Input records below:

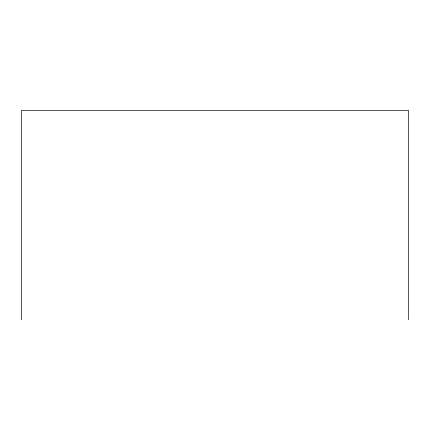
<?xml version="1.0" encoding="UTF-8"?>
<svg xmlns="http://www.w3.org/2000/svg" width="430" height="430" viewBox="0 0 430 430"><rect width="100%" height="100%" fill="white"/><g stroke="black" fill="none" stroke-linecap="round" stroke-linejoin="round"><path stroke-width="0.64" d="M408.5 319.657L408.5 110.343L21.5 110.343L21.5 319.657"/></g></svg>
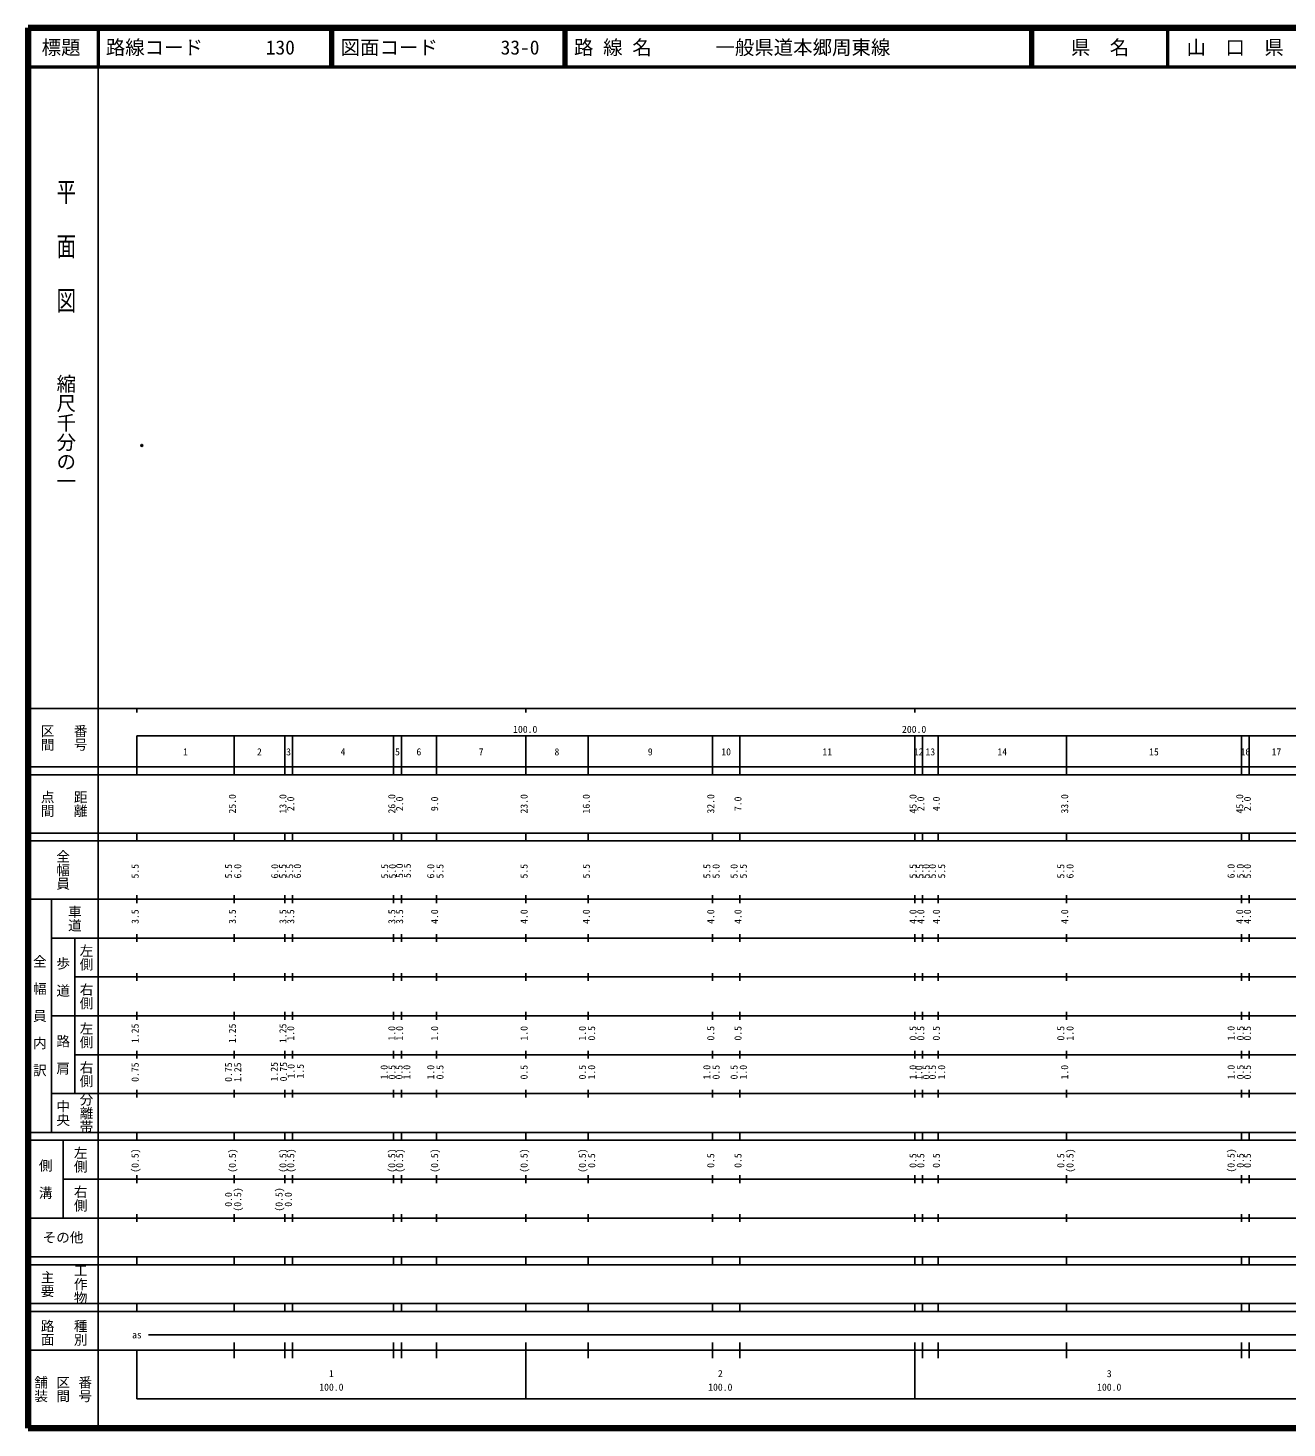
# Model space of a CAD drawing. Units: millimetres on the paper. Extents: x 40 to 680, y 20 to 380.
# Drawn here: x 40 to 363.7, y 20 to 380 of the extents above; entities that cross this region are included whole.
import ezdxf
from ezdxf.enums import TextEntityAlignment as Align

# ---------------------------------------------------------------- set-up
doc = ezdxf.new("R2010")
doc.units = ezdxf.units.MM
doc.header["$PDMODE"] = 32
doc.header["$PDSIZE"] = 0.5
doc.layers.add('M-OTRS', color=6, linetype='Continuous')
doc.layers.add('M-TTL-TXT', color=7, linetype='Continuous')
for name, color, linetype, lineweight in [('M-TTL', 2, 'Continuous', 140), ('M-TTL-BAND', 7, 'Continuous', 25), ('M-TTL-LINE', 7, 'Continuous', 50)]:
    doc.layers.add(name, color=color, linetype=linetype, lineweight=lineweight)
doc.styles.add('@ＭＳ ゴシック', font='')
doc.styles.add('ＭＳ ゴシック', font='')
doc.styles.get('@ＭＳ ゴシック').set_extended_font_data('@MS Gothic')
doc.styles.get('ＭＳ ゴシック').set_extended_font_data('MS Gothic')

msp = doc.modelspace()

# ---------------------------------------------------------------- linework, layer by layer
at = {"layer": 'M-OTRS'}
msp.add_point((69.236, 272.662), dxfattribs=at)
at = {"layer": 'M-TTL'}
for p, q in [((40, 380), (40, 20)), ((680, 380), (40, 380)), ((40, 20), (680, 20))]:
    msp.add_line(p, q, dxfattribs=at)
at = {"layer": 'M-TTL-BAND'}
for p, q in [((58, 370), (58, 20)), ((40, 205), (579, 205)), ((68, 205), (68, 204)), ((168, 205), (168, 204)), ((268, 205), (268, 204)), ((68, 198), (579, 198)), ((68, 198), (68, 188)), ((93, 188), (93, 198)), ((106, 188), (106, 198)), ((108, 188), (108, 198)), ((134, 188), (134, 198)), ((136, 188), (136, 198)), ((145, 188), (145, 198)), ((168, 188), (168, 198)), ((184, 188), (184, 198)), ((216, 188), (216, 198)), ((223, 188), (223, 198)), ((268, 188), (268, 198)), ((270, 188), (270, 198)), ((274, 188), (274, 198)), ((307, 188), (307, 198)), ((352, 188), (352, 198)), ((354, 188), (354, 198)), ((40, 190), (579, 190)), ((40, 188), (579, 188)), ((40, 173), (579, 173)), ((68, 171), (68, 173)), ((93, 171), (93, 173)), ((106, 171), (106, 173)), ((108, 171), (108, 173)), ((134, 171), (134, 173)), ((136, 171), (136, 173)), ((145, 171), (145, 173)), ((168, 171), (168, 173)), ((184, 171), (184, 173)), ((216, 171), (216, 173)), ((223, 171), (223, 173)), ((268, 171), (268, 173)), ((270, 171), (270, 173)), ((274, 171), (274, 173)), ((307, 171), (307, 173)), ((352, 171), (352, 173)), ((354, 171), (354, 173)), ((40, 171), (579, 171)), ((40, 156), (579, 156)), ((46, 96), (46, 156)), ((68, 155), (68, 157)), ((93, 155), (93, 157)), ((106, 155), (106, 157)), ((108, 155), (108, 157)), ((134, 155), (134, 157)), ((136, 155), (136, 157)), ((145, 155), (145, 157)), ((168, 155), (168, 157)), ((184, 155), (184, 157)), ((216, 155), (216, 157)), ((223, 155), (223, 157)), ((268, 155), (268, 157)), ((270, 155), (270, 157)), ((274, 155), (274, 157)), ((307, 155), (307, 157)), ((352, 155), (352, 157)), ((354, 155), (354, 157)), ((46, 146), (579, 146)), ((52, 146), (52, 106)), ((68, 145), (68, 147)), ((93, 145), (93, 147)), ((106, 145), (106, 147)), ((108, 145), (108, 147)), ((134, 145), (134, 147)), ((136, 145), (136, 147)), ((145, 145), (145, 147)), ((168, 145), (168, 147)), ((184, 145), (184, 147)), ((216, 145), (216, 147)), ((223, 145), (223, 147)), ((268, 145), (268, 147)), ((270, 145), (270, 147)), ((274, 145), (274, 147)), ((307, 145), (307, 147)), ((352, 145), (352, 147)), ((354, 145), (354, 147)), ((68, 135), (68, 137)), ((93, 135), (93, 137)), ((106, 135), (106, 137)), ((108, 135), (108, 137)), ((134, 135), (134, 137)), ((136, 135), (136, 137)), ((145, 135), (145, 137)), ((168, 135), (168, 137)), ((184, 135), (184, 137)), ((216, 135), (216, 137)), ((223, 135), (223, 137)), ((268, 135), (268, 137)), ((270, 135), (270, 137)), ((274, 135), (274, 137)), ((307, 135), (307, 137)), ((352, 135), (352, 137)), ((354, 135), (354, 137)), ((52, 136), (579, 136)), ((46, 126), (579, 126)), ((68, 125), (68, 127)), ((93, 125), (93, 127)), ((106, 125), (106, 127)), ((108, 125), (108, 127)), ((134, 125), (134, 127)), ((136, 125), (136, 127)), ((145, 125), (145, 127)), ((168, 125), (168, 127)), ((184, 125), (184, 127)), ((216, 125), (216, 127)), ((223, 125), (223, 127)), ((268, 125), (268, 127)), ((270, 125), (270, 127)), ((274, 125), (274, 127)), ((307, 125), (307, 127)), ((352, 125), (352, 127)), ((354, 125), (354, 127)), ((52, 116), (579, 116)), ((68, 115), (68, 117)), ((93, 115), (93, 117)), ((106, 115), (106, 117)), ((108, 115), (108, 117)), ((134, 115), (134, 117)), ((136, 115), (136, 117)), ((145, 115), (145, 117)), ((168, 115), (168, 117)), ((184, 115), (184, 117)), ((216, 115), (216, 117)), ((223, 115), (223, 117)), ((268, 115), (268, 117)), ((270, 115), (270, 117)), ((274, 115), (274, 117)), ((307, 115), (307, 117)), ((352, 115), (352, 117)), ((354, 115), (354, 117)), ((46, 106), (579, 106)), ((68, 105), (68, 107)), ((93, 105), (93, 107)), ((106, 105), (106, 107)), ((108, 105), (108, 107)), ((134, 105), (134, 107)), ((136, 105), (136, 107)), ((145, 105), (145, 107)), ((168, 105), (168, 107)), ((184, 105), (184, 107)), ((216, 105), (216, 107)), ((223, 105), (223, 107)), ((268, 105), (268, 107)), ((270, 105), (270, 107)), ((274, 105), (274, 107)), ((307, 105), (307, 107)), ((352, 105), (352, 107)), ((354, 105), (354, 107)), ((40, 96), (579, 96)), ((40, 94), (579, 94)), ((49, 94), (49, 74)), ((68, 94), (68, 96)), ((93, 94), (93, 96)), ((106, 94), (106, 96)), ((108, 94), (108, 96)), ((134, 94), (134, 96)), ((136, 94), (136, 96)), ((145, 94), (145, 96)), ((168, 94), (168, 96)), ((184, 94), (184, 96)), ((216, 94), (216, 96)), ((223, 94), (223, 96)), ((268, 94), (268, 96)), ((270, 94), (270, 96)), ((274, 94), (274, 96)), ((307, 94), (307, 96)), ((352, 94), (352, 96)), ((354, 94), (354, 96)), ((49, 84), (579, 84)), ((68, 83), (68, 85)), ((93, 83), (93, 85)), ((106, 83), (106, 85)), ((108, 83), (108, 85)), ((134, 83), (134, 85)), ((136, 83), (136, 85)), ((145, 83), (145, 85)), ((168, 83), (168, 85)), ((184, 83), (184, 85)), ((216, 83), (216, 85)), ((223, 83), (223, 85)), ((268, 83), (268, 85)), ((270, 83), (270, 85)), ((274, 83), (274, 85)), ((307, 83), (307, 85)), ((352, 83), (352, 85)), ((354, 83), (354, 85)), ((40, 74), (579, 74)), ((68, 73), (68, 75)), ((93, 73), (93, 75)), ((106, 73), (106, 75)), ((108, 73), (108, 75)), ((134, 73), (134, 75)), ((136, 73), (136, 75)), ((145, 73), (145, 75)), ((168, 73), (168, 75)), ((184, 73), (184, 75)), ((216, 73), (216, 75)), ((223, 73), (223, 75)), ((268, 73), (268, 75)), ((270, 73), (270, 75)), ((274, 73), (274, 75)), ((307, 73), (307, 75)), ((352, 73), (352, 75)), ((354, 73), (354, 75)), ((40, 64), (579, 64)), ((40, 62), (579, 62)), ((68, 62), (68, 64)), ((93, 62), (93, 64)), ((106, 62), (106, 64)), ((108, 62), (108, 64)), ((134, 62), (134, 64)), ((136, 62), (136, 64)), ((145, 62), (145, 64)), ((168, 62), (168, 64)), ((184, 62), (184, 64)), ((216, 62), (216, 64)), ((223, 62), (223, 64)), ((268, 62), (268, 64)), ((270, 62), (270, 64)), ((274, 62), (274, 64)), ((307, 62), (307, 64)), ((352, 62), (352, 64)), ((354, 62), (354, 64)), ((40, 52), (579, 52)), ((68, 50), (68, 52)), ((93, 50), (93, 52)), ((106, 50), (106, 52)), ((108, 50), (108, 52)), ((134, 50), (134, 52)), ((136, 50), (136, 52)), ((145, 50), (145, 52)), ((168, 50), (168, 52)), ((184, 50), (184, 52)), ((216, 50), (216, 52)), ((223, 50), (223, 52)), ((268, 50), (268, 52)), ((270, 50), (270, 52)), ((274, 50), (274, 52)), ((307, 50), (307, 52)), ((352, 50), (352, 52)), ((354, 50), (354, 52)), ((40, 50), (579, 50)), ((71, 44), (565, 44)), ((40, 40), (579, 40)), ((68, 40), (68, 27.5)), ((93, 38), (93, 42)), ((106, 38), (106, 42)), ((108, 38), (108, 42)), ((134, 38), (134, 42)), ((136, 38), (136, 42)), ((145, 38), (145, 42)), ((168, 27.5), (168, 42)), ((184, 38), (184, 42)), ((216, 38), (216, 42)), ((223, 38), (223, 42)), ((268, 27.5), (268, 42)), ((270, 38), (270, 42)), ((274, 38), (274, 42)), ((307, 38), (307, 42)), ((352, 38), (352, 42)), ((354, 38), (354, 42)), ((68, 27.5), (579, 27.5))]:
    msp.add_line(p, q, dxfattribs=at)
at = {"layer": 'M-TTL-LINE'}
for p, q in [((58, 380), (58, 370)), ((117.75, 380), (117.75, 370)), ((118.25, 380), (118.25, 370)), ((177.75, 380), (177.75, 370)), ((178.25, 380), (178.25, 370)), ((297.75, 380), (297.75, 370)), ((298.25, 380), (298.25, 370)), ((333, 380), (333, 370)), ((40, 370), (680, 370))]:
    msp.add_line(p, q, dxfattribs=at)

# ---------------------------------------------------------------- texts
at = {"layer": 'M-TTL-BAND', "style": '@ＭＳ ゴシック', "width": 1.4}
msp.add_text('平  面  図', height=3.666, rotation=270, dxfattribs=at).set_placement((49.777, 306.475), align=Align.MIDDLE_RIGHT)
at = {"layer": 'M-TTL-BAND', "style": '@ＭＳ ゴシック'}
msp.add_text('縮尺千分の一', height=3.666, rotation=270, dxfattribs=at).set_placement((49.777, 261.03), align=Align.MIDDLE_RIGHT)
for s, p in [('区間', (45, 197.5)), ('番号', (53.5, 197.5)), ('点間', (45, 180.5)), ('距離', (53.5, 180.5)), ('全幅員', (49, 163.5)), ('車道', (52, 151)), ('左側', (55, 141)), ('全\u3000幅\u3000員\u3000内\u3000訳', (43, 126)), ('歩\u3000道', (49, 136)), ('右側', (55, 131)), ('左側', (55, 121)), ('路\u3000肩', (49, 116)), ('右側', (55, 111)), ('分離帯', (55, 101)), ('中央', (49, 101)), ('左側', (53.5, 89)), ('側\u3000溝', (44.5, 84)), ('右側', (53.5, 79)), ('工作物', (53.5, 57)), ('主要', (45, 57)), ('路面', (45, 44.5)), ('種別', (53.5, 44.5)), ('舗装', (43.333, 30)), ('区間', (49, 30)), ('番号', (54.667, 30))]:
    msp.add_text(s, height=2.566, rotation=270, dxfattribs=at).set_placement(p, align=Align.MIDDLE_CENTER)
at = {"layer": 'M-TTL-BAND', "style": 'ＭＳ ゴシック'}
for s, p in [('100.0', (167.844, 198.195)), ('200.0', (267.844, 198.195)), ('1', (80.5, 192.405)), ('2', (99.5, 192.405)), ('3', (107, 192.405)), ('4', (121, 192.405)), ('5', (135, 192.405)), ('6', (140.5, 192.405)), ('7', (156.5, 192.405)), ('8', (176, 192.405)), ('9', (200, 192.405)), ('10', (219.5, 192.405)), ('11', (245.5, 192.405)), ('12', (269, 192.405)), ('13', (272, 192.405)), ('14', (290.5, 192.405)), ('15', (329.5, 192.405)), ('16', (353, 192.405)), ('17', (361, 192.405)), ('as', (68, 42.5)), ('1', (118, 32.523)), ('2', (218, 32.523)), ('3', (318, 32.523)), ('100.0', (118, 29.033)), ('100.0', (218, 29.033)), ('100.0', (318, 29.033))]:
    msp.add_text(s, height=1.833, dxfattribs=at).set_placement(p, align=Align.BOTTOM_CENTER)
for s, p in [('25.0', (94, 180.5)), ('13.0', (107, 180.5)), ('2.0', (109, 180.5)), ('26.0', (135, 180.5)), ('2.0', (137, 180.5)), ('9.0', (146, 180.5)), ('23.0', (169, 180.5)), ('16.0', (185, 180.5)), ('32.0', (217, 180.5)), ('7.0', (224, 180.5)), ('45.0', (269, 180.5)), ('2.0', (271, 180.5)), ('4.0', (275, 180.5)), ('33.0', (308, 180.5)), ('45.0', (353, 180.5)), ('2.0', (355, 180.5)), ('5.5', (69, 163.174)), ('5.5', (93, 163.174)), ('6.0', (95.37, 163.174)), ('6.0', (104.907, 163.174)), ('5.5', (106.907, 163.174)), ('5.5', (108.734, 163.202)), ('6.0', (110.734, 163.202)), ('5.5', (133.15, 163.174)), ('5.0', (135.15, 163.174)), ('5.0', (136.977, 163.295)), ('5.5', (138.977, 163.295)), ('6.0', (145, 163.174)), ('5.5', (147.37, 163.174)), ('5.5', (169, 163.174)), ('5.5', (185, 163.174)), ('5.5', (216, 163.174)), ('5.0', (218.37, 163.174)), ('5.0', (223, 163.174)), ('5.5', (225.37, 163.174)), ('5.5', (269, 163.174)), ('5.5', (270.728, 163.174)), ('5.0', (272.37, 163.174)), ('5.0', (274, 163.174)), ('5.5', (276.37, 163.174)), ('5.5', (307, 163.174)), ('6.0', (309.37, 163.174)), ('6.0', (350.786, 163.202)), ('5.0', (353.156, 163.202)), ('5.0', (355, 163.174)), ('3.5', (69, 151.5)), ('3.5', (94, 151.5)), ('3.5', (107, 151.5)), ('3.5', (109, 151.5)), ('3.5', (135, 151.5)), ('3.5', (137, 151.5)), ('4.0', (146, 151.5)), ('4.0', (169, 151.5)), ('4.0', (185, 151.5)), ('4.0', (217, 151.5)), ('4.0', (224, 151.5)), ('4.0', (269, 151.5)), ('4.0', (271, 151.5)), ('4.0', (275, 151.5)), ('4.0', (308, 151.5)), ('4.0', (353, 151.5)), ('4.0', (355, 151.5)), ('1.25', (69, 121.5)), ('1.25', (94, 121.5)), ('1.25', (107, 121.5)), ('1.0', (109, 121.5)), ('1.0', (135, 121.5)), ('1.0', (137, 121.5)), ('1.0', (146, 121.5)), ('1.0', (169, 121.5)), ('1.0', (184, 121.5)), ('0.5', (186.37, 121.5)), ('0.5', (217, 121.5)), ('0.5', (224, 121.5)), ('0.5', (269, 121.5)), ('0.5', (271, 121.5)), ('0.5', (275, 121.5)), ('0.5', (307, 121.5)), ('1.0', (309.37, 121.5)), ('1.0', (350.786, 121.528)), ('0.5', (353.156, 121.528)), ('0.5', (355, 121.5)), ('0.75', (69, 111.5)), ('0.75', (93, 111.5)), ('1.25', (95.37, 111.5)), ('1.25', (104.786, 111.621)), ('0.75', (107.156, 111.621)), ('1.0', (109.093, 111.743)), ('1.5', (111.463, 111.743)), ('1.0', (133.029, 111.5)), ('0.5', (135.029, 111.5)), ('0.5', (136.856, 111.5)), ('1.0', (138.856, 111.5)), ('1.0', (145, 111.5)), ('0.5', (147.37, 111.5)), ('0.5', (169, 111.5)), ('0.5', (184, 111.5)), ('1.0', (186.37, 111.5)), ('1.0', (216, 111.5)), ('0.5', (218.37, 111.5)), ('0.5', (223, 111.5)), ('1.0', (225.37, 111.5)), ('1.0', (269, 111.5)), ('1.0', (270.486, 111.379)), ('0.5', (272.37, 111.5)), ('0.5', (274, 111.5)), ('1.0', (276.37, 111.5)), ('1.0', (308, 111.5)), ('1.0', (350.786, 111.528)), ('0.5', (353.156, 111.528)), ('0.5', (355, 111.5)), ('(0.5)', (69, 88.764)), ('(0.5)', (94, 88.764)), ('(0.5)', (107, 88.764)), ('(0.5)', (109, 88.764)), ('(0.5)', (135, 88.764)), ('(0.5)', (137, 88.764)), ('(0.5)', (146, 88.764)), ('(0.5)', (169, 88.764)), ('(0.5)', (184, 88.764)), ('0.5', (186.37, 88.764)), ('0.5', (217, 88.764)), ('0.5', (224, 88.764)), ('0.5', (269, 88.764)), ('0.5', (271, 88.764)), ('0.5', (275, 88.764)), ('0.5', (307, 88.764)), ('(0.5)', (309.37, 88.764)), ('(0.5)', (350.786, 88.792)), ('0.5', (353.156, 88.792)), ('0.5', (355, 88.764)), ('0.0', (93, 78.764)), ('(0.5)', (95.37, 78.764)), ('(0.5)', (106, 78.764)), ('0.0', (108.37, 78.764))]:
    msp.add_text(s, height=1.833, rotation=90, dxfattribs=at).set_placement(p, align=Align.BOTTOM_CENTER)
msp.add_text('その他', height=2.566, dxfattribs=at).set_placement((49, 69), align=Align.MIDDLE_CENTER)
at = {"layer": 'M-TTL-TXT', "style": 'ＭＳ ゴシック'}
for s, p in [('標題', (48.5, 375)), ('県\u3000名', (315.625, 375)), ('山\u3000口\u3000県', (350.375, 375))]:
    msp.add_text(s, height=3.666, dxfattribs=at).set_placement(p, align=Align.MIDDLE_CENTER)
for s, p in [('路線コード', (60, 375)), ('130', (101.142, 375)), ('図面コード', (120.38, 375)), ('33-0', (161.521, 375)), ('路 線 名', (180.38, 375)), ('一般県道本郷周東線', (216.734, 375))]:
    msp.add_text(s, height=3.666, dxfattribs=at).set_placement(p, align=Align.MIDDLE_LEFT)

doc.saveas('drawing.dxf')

End of Input records.

The images in the entries above should be left out; please reproduce exactly the lines from the first through the one containing "doc.styles.add('@ＭＳ ゴシック', font='')".

<?xml version="1.0" encoding="UTF-8"?>
<svg xmlns="http://www.w3.org/2000/svg" width="430" height="430" viewBox="0 0 430 430"><rect width="100%" height="100%" fill="white"/><g stroke="black" fill="none" stroke-linecap="round" stroke-linejoin="round"><path stroke-width="0.64" d="M408.5 319.657L408.5 110.343L21.5 110.343L21.5 319.657"/></g></svg>
# Model space of a CAD drawing. Units: millimetres on the paper. Extents: x 40 to 680, y 20 to 380.
# Drawn here: x 40 to 363.7, y 20 to 380 of the extents above; entities that cross this region are included whole.
import ezdxf
from ezdxf.enums import TextEntityAlignment as Align

# ---------------------------------------------------------------- set-up
doc = ezdxf.new("R2010")
doc.units = ezdxf.units.MM
doc.header["$PDMODE"] = 32
doc.header["$PDSIZE"] = 0.5
doc.layers.add('M-OTRS', color=6, linetype='Continuous')
doc.layers.add('M-TTL-TXT', color=7, linetype='Continuous')
for name, color, linetype, lineweight in [('M-TTL', 2, 'Continuous', 140), ('M-TTL-BAND', 7, 'Continuous', 25), ('M-TTL-LINE', 7, 'Continuous', 50)]:
    doc.layers.add(name, color=color, linetype=linetype, lineweight=lineweight)
doc.styles.add('@ＭＳ ゴシック', font='')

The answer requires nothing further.